Tuesday, September 6, 2011

Job Description: Mom to Max and Kizzie





I've been thinking a lot lately about my different experiences being a new mom to Max and a new mom to Kizzie. I wonder often if I am doing a better job than I did with Max. Many factors have come into play, and I realize that with Max for over a year I was checked out mentally and struggled with every new situation. Don't worry, I'm not trying to be hard on myself, but I'm looking back on the whole journey with Max at the beginning of his life finally free from the fog of depression, anxiety, and the relentless pursuit of perfection as a mother. Unless you have experienced the numbness of depression, and the utter hopelessness that it shoves on your shoulders, you probably think that I'm being melodramatic. Max was unique--a wonderful blessing sent to us from Heavenly Father. And the realization of his special needs brought shock, sadness, fear, and wonder. Every new visit to the doctor and milestone brought questions: Am I doing enough to help him? Why isn't he nursing well? What does the MRI mean? Will Max be "normal"? (Ha!) Then the move brought untold stress and deeper depression. I hated my job and came home in zombie mode--barely getting into the routines of taking care of Max and dealing with his endless tantrums and frustration.

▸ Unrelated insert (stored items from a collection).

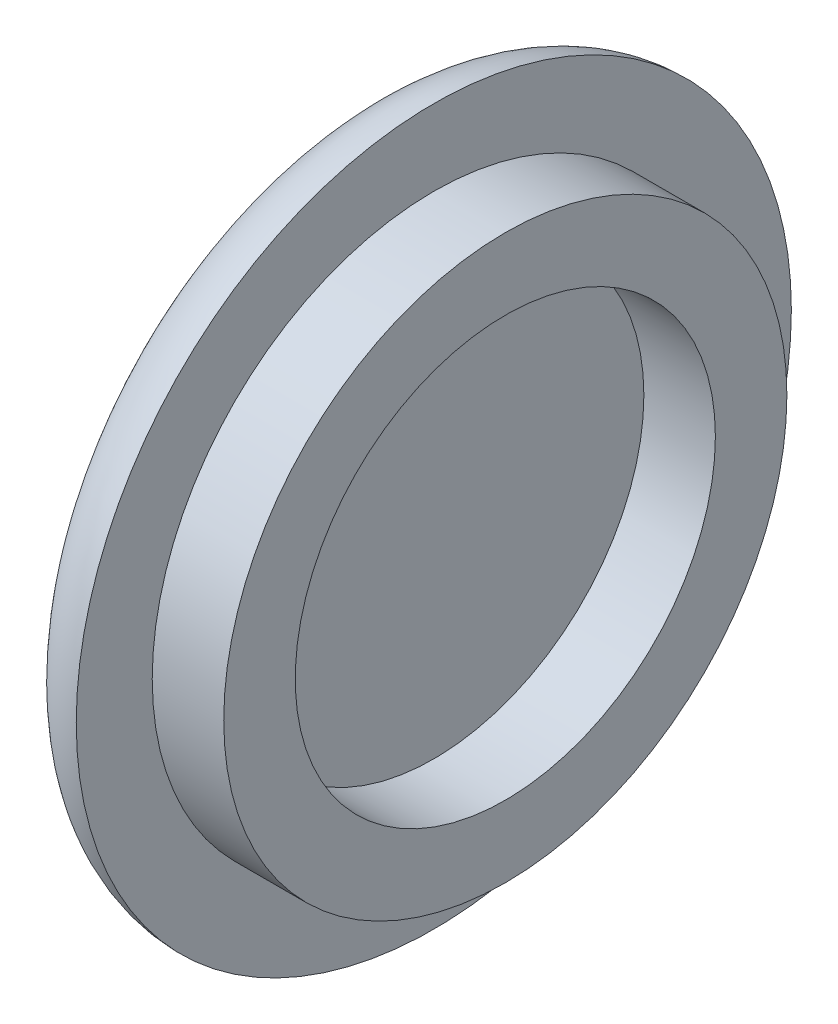
SolidWorks part; units mm, degrees
ref_plane "Front Plane" through (0, 0, 0) normal (0, 0, 1) x (1, 0, 0)
ref_plane "Top Plane" through (0, 0, 0) normal (0, 1, 0) x (1, 0, 0)
ref_plane "Right Plane" through (0, 0, 0) normal (1, 0, 0) x (0, 0, -1)
sketch "Sketch1" plane through (0, 0, 0) normal (1, 0, 0) x (0, 0, -1)
  circle A0 centre (0, 0) radius 7.875
  circle A1 centre (0, 0) radius 10
  dimension "D1" = 15.75
  dimension "D2" = 20
extrude "Boss-Extrude1" add sketch "Sketch1" along normal blind 2 contours A0
extrude "Boss-Extrude2" add sketch "Sketch1<3>" against normal blind 2 contours A1
sketch "Sketch1<3>" plane through (0, 0, 0) normal (1, 0, 0) x (0, 0, -1) same geometry as "Sketch1"
fillet "Fillet1" radius 2 1 edges at (-2, 0, -10)
sketch "Sketch2" plane through (2, 0, 0) normal (1, 0, 0) x (0, 0, -1)
  circle A2 centre (0, 0) radius 5.875
  circle A3 centre (0, 0) radius 5.875
  dimension "D1" = 2
extrude "Cut-Extrude1" cut sketch "Sketch2" against normal blind 2
sketch "Sketch3" plane through (0, 0, 0) normal (1, 0, 0) x (0, 0, -1)
  line L0 (0, 0) -> (0, 10.9102) construction
  line L1 (0, 0) -> (11.5396, 0) construction
pattern_linear "LPattern1" [suppressed] count 4 spacing 23 along (0, -1, 0) count 4 spacing 23 along (0, 0, 1) of bodies 103
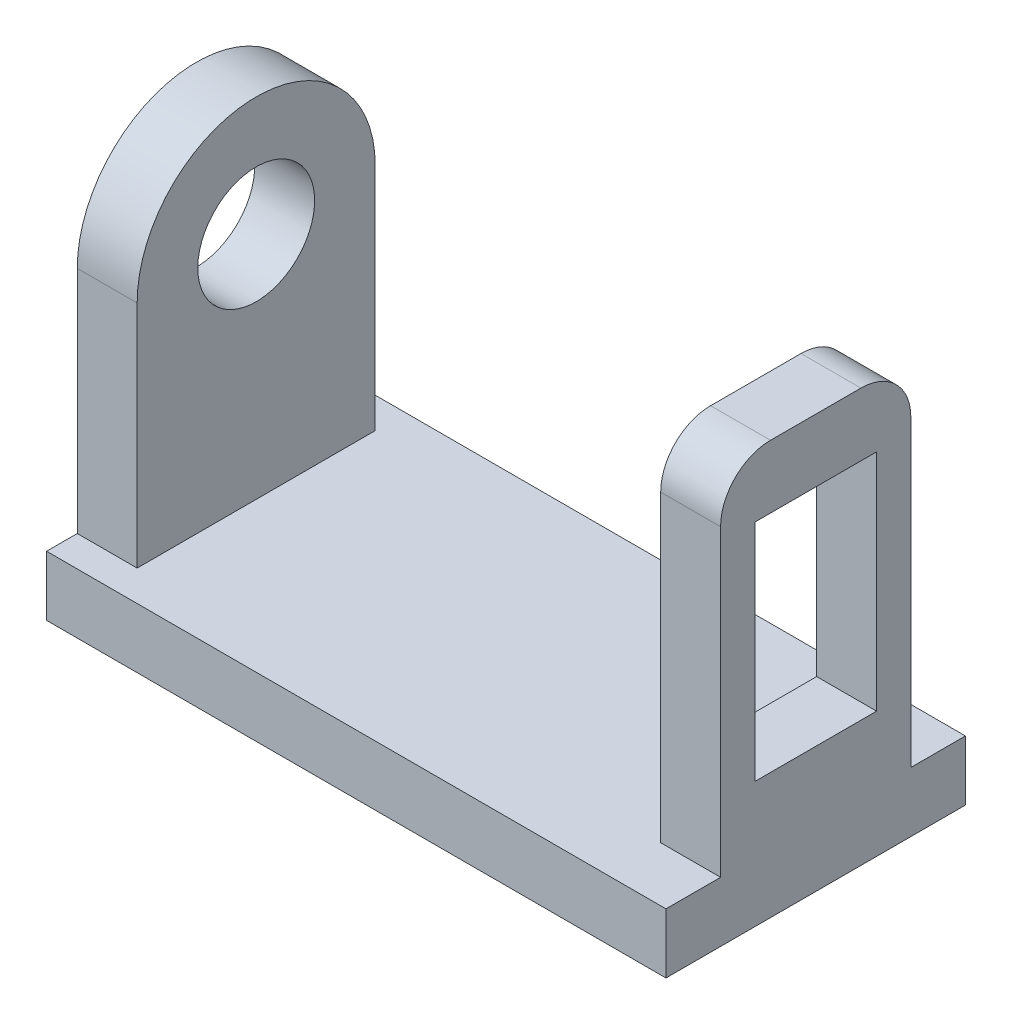
SolidWorks part; units mm, degrees
ref_plane "前视基准面" through (0, 0, 0) normal (0, 0, 1) x (1, 0, 0)
ref_plane "上视基准面" through (0, 0, 0) normal (0, 1, 0) x (1, 0, 0)
ref_plane "右视基准面" through (0, 0, 0) normal (1, 0, 0) x (0, 0, -1)
sketch "草图1" plane through (0, 0, 0) normal (0, 1, 0) x (1, 0, 0)
  line L0 (0, 0) -> (3.025, 0) construction
  line L1 (34.05, -15) -> (-28, -15)
  line L2 (34.05, -15) -> (34.05, 15)
  line L3 (34.05, 15) -> (-28, 15)
  line L4 (-28, -15) -> (-28, 15)
  line L5 (34.05, -15) -> (-28, 15) construction
  line L6 (34.05, 15) -> (-28, -15) construction
  point P0 (0, 0)
  dimension "D1" = 28
  dimension "D2" = 34.05
  dimension "D3" = 30
extrude "凸台-拉伸1" add sketch "草图1" along normal blind 6
sketch "草图2" plane through (-28, 0, 0) normal (-1, 0, 0) x (0, 0, 1)
  line L0 (-15, 6) -> (15, 6) construction
  line L1 (11.9252, 40.9252) -> (-11.9252, 40.9252)
  line L2 (11.9252, 40.9252) -> (11.9252, 6)
  line L3 (11.9252, 6) -> (-11.9252, 6)
  line L4 (-11.9252, 40.9252) -> (-11.9252, 6)
  line L5 (11.9252, 40.9252) -> (-11.9252, 6) construction
  line L6 (11.9252, 6) -> (-11.9252, 40.9252) construction
  line L7 (0, 23.4626) -> (0, 6) construction
  circle A0 centre (0, 29) radius 5.8528
  circle A1 centre (0, 29) radius 11.9252 construction
  point P0 (0, 23.4626)
  dimension "D1" = 23
extrude "凸台-拉伸2" add sketch "草图2" against normal blind 6
fillet "圆角1" 2 edges at (-25, 40.9252, -11.9252) (-25, 40.9252, 11.9252) type full round first side face at (-25, 23.4626, -11.9252) second side face at (-25, 23.4626, 11.9252) middle face at (-25, 40.9252, 0)
sketch "草图3" plane through (34.05, 0, 0) normal (1, 0, 0) x (0, 0, -1)
  line L1 (9.5285, 41.4153) -> (-9.5285, 41.4153)
  line L2 (9.5285, 41.4153) -> (9.5285, 6)
  line L3 (9.5285, 6) -> (-9.5285, 6)
  line L4 (-9.5285, 41.4153) -> (-9.5285, 6)
  line L5 (9.5285, 41.4153) -> (-9.5285, 6) construction
  line L6 (9.5285, 6) -> (-9.5285, 41.4153) construction
  line L7 (0, 23.85) -> (0, 0) construction
  line L8 (6.1, 35.1) -> (-6.1, 35.1)
  line L9 (6.1, 35.1) -> (6.1, 12.6)
  line L10 (6.1, 12.6) -> (-6.1, 12.6)
  line L11 (-6.1, 35.1) -> (-6.1, 12.6)
  line L12 (6.1, 35.1) -> (-6.1, 12.6) construction
  line L13 (6.1, 12.6) -> (-6.1, 35.1) construction
  line L17 (-15, 6) -> (15, 6) construction
  circle A0 centre (0, 29) radius 5.8528 construction
  circle A1 centre (0, 29) radius 5.8528 construction
  point P0 (0, 23.7076)
  point P7 (0, 23.85)
  dimension "D1" = 22.5
  dimension "D2" = 12.2
  dimension "D3" = 6.1
extrude "凸台-拉伸3" add sketch "草图3" against normal blind 6
fillet "圆角2" radius 5 2 edges at (31.05, 41.4153, 9.5285) (31.05, 41.4153, -9.5285)

That time eventually passed, with more comfort for both Max and me. Kizzie's birth has been different, her gentle spirit calming our home (unless she's hungry) and bringing me so much joy. I'm a happier person now, more confident in my abilities as a mother and just enjoying every little step of Kizzie's journey. I'm working 6 hours a week. We're poor, but it's so nice just to kiss and hug her in the mornings and soak her little baby self up. The guilt is gone. I will have no regrets (well, few regrets) about this stage in my life. Is it perhaps the fact that I realize how precious my little souls are? I appreciate every little moment of my children's life, because my special child made me see what Heavenly Father wants me to see about trials. They are painful, seemingly endless, but completely worth it. Do I think that I'm some kind of special mother that was chosen to raise my Special Needs child? No, I just feel that I'm doing my best and trying to learn as I go. Hopefully Max will have more memories of me as I am now--happy, engaged in the world, and involved with life!